### WHAT THE TASK ASKS
The required output is the exact run of lines below that opens at the line with "Manual Switch : ManualSwitch" and closes at the line with "theta2 : Scope".

# # #

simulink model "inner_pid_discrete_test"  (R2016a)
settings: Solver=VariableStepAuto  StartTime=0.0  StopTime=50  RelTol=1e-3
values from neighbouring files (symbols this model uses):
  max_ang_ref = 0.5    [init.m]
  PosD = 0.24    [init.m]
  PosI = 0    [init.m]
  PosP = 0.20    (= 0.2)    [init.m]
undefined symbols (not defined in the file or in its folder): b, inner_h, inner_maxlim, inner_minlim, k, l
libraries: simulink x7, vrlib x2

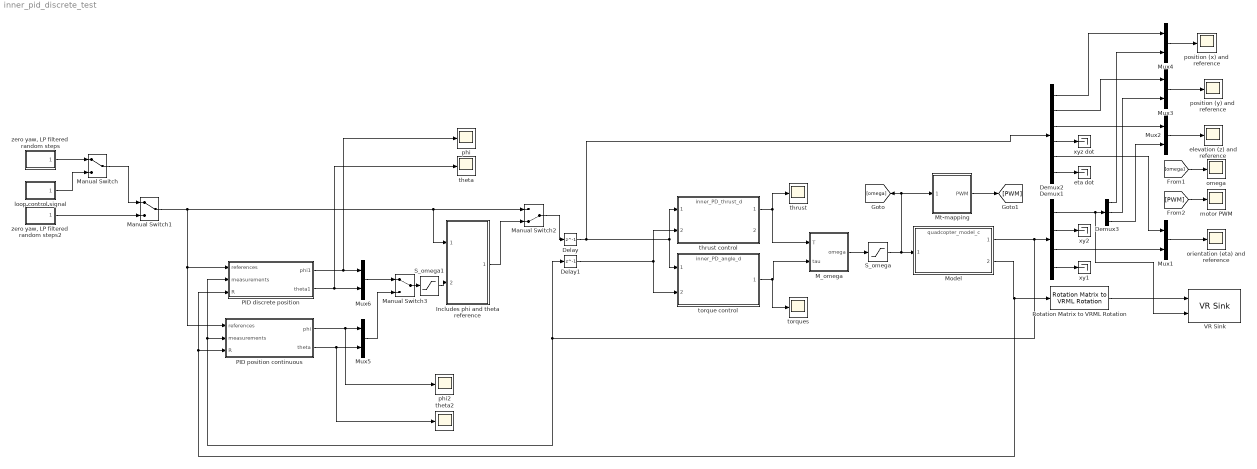
== system inner_pid_discrete_test ==
  "   eta dot" : Terminator
  "   xy1" : Terminator
  "   xy2" : Terminator
  "  xyz dot" : Terminator
  Delay : Delay  DelayLength=1  InitialCondition=0  SampleTime=inner_h
  Delay1 : Delay  DelayLength=1  InitialCondition=0  SampleTime=inner_h
  Demux1 : Demux  Outputs=[3,3,3,3]
  Demux2 : Demux  Outputs=[1,1,1,3,3,3]
  Demux3 : Demux  Outputs=[1,1,1]
  Includes phi and theta reference : Subsystem
  M_omega : Subsystem
  Manual Switch : ManualSwitch
  Manual Switch1 : ManualSwitch
  Manual Switch2 : ManualSwitch  CurrentSetting=0
  Manual Switch3 : ManualSwitch
  Model : ModelReference  ModelNameDialog=quadcopter_model_c.mdl  SimulationMode=Normal  ModelReferenceVersion=1.156
  Mt-mapping : Subsystem
  Mux{1..6} (6 alike) : Mux  Inputs=2
  PID discrete position : Subsystem
  PID position continuous : Subsystem
  Rotation Matrix to VRML Rotation : vrlib/Utilities/Rotation Matrix to VRML Rotation  maxzero=1e-12
  S_omega : Saturate  UpperLimit=inner_maxlim  LowerLimit=inner_minlim
  S_omega1 : Saturate
  VR Sink : vrlib/VR Sink  InstantiateOnLoad=on  SampleTime=0.1  ViewEnable=on  RemoteChange=off  RemoteView=off  FieldsWritten=copter.rotation.4.1.1.double#copter.translation.3.1.1.double  WorldFileName=copter_world.wrl  AutoView=on  VideoDimensions=[]  AllowVariableSize=off
  elevation (z) and reference : Scope
  loop control signal : Subsystem
  motor PWM : Scope
  "omega " : Scope
  orientation (eta) and reference : Scope
  phi : Scope
  phi2 : Scope
  position (x) and  reference : Scope
  position (y) and  reference : Scope
  theta : Scope
  theta2 : Scope
  thrust : Scope
  thrust control : ModelReference  ModelNameDialog=inner_PD_thrust_d.slx  SimulationMode=Normal  ModelReferenceVersion=1.81
  torque control : ModelReference  ModelNameDialog=inner_PD_angle_d.slx  SimulationMode=Normal  ModelReferenceVersion=1.85
  torques : Scope
  "zero yaw, LP filtered random steps" : Subsystem
  "zero yaw, LP filtered random steps2" : Subsystem
  wires:
  S_omega/1 -> [omega], Mt-mapping/1(omega), Model/1
  loop control signal/1(reference) -> Manual Switch/2
  "zero yaw, LP filtered random steps"/1(reference) -> Manual Switch/1
  Demux2/3 -> Mux2/1
  Mux2/1 -> elevation (z) and reference/1
  Mux1/1 -> orientation (eta) and reference/1
  Demux2/4 -> "  xyz dot"/1
  Demux2/6 -> "   eta dot"/1
  Demux2/1 -> Mux4/1
  Demux1/3 -> Mux1/2
  Demux1/1 -> VR Sink/2, Demux3/1
  [omega] -> "omega "/1
  Demux2/5 -> Mux1/1
  thrust control/1 -> thrust/1, M_omega/1(T)
  torque control/1 -> torques/1, M_omega/2(tau)
  M_omega/1(omega) -> S_omega/1
  Delay/1 -> Demux2/1, torque control/1, thrust control/1
  Delay1/1 -> thrust control/2, torque control/2
  Rotation Matrix to VRML Rotation/1 -> VR Sink/1
  Model/2 -> PID discrete position/3(R), PID position continuous/3(R), Rotation Matrix to VRML Rotation/1
  Demux1/4 -> "   xy1"/1
  Demux1/2 -> "   xy2"/1
  Demux3/3 -> Mux2/2
  Demux3/2 -> Mux3/2
  Mt-mapping/1(PWM) -> [PWM]
  [PWM] -> motor PWM/1
  Manual Switch/1 -> Manual Switch1/1
  "zero yaw, LP filtered random steps2"/1(reference) -> Manual Switch1/2
  Manual Switch1/1 -> Includes phi and theta reference/1(traj_reference), Manual Switch2/1, PID position continuous/1(references), PID discrete position/1(references)
  Manual Switch2/1 -> Delay/1
  Includes phi and theta reference/1(reference) -> Manual Switch2/2
  Mux3/1 -> position (y) and  reference/1
  Mux4/1 -> position (x) and  reference/1
  Demux3/1 -> Mux4/2
  Demux2/2 -> Mux3/1
  Model/1 -> Delay1/1, PID discrete position/2(measurements), PID position continuous/2(measurements), Demux1/1
  Mux5/1 -> Manual Switch3/2
  Mux6/1 -> Manual Switch3/1
  PID position continuous/1(phi) -> phi2/1, Mux5/1
  PID position continuous/2(theta) -> theta2/1, Mux5/2
  Manual Switch3/1 -> S_omega1/1
  S_omega1/1 -> Includes phi and theta reference/2(phi & theta)
  PID discrete position/1(phi1) -> phi/1, Mux6/1
  PID discrete position/2(theta1) -> theta/1, Mux6/2

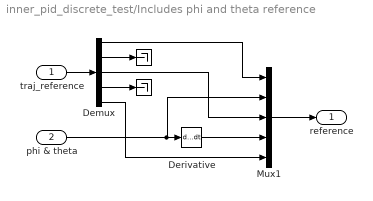
== system inner_pid_discrete_test/Includes phi and theta reference ==
  traj_reference : Inport
  phi & theta : Inport  Port=2
  " " : Terminator
  "  " : Terminator
  Demux : Demux  Outputs=[6,2,1,2,1]
  Derivative : Derivative
  Mux1 : Mux  Inputs=5
  reference : Outport
  wires:
  phi & theta/1 -> Mux1/2, Derivative/1
  traj_reference/1 -> Demux/1
  Demux/2 -> " "/1
  Demux/4 -> "  "/1
  Demux/1 -> Mux1/1
  Demux/3 -> Mux1/3
  Demux/5 -> Mux1/5
  Derivative/1 -> Mux1/4
  Mux1/1 -> reference/1

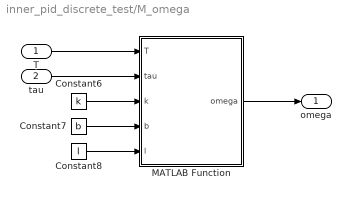
== system inner_pid_discrete_test/M_omega ==
  T : Inport
  tau : Inport  Port=2
  Constant6 : Constant  Value=k
  Constant7 : Constant  Value=b
  Constant8 : Constant  Value=l
  MATLAB Function : MATLAB Function  TreatAsAtomicUnit=on
  omega : Outport
  wires:
  Constant7/1 -> MATLAB Function/4(b)
  tau/1 -> MATLAB Function/2(tau)
  Constant6/1 -> MATLAB Function/3(k)
  MATLAB Function/1(omega) -> omega/1
  T/1 -> MATLAB Function/1(T)
  Constant8/1 -> MATLAB Function/5(l)

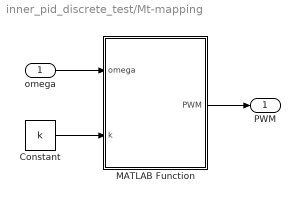
== system inner_pid_discrete_test/Mt-mapping ==
  omega : Inport
  Constant : Constant  Value=k
  MATLAB Function : MATLAB Function  TreatAsAtomicUnit=on
  PWM : Outport
  wires:
  MATLAB Function/1(PWM) -> PWM/1
  omega/1 -> MATLAB Function/1(omega)
  Constant/1 -> MATLAB Function/2(k)

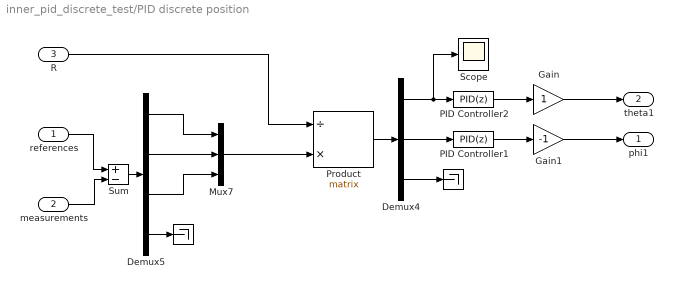
== system inner_pid_discrete_test/PID discrete position ==
  references : Inport
  measurements : Inport  Port=2
  R : Inport  Port=3
  "      " : Terminator
  "       " : Terminator
  Demux4 : Demux  Outputs=[1,1,1]
  Demux5 : Demux  Outputs=[1,1,1,9]
  Gain : Gain
  Gain1 : Gain  Gain=-1
  Mux7 : Mux  Inputs=3
  PID Controller1 : simulink/Continuous/PID Controller  Controller=PID  TimeDomain=Discrete-time  SampleTime=0.002  IntegratorMethod=Forward Euler  FilterMethod=Forward Euler  Form=Parallel  UseFilter=on  ControllerParametersSource=internal  P=PosP  I=PosI  D=PosD  N=100  InitialConditionSource=internal  InitialConditionForIntegrator=0  InitialConditionForFilter=0  ExternalReset=none  LimitOutput=off  UpperSaturationLimit=inf  LowerSaturationLimit=-inf  LinearizeAsGain=on  AntiWindupMode=none  Kb=1  TrackingMode=off  Kt=1  PParamMin=[]  PParamMax=[]  IParamMin=[]  IParamMax=[]  DParamMin=[]  DParamMax=[]  NParamMin=[]  NParamMax=[]  KbParamMin=[]  KbParamMax=[]  KtParamMin=[]  KtParamMax=[]  POutMin=[]  POutMax=[]  IOutMin=[]  IOutMax=[]  DOutMin=[]  DOutMax=[]  NOutMin=[]  NOutMax=[]  KbOutMin=[]  KbOutMax=[]  KtOutMin=[]  KtOutMax=[]  IntegratorOutMin=[]  IntegratorOutMax=[]  FilterOutMin=[]  FilterOutMax=[]  SumOutMin=[]  SumOutMax=[]  SumI1OutMin=[]  SumI1OutMax=[]  SumI2OutMin=[]  SumI2OutMax=[]  SumI3OutMin=[]  SumI3OutMax=[]  SumDOutMin=[]  SumDOutMax=[]  SaturationOutMin=[]  SaturationOutMax=[]  IntegratorContinuousStateAttributes=''  IntegratorStateMustResolveToSignalObject=off  IntegratorRTWStateStorageClass=Auto  FilterContinuousStateAttributes=''  FilterStateMustResolveToSignalObject=off  FilterRTWStateStorageClass=Auto  DifferentiatorICPrevScaledInput=0  DifferentiatorOutMin=[]  DifferentiatorOutMax=[]
  PID Controller2 : simulink/Continuous/PID Controller  Controller=PID  TimeDomain=Discrete-time  SampleTime=0.002  IntegratorMethod=Forward Euler  FilterMethod=Forward Euler  Form=Parallel  UseFilter=on  ControllerParametersSource=internal  P=PosP  I=PosI  D=PosD  N=100  InitialConditionSource=internal  InitialConditionForIntegrator=0  InitialConditionForFilter=0  ExternalReset=none  LimitOutput=off  UpperSaturationLimit=inf  LowerSaturationLimit=-inf  LinearizeAsGain=on  AntiWindupMode=none  Kb=1  TrackingMode=off  Kt=1  PParamMin=[]  PParamMax=[]  IParamMin=[]  IParamMax=[]  DParamMin=[]  DParamMax=[]  NParamMin=[]  NParamMax=[]  KbParamMin=[]  KbParamMax=[]  KtParamMin=[]  KtParamMax=[]  POutMin=[]  POutMax=[]  IOutMin=[]  IOutMax=[]  DOutMin=[]  DOutMax=[]  NOutMin=[]  NOutMax=[]  KbOutMin=[]  KbOutMax=[]  KtOutMin=[]  KtOutMax=[]  IntegratorOutMin=[]  IntegratorOutMax=[]  FilterOutMin=[]  FilterOutMax=[]  SumOutMin=[]  SumOutMax=[]  SumI1OutMin=[]  SumI1OutMax=[]  SumI2OutMin=[]  SumI2OutMax=[]  SumI3OutMin=[]  SumI3OutMax=[]  SumDOutMin=[]  SumDOutMax=[]  SaturationOutMin=[]  SaturationOutMax=[]  IntegratorContinuousStateAttributes=''  IntegratorStateMustResolveToSignalObject=off  IntegratorRTWStateStorageClass=Auto  FilterContinuousStateAttributes=''  FilterStateMustResolveToSignalObject=off  FilterRTWStateStorageClass=Auto  DifferentiatorICPrevScaledInput=0  DifferentiatorOutMin=[]  DifferentiatorOutMax=[]
  Product : Product  Inputs=/*  Multiplication=Matrix(*)
  Scope : Scope
  Sum : Sum  Inputs=+-
  phi1 : Outport
  theta1 : Outport  Port=2
  wires:
  Gain1/1 -> phi1/1
  Demux5/1 -> Mux7/1
  R/1 -> Product/1
  Gain/1 -> theta1/1
  Demux5/3 -> Mux7/3
  references/1 -> Sum/1
  Demux4/1 -> Scope/1, PID Controller2/1
  Sum/1 -> Demux5/1
  PID Controller2/1 -> Gain/1
  Demux4/2 -> PID Controller1/1
  Demux4/3 -> "       "/1
  measurements/1 -> Sum/2
  Demux5/4 -> "      "/1
  Demux5/2 -> Mux7/2
  Mux7/1 -> Product/2
  Product/1 -> Demux4/1
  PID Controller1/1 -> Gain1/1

# # #

### REPLY TO THE EXERCISE
  Manual Switch : ManualSwitch
  Manual Switch1 : ManualSwitch
  Manual Switch2 : ManualSwitch  CurrentSetting=0
  Manual Switch3 : ManualSwitch
  Model : ModelReference  ModelNameDialog=quadcopter_model_c.mdl  SimulationMode=Normal  ModelReferenceVersion=1.156
  Mt-mapping : Subsystem
  Mux{1..6} (6 alike) : Mux  Inputs=2
  PID discrete position : Subsystem
  PID position continuous : Subsystem
  Rotation Matrix to VRML Rotation : vrlib/Utilities/Rotation Matrix to VRML Rotation  maxzero=1e-12
  S_omega : Saturate  UpperLimit=inner_maxlim  LowerLimit=inner_minlim
  S_omega1 : Saturate
  VR Sink : vrlib/VR Sink  InstantiateOnLoad=on  SampleTime=0.1  ViewEnable=on  RemoteChange=off  RemoteView=off  FieldsWritten=copter.rotation.4.1.1.double#copter.translation.3.1.1.double  WorldFileName=copter_world.wrl  AutoView=on  VideoDimensions=[]  AllowVariableSize=off
  elevation (z) and reference : Scope
  loop control signal : Subsystem
  motor PWM : Scope
  "omega " : Scope
  orientation (eta) and reference : Scope
  phi : Scope
  phi2 : Scope
  position (x) and  reference : Scope
  position (y) and  reference : Scope
  theta : Scope
  theta2 : Scope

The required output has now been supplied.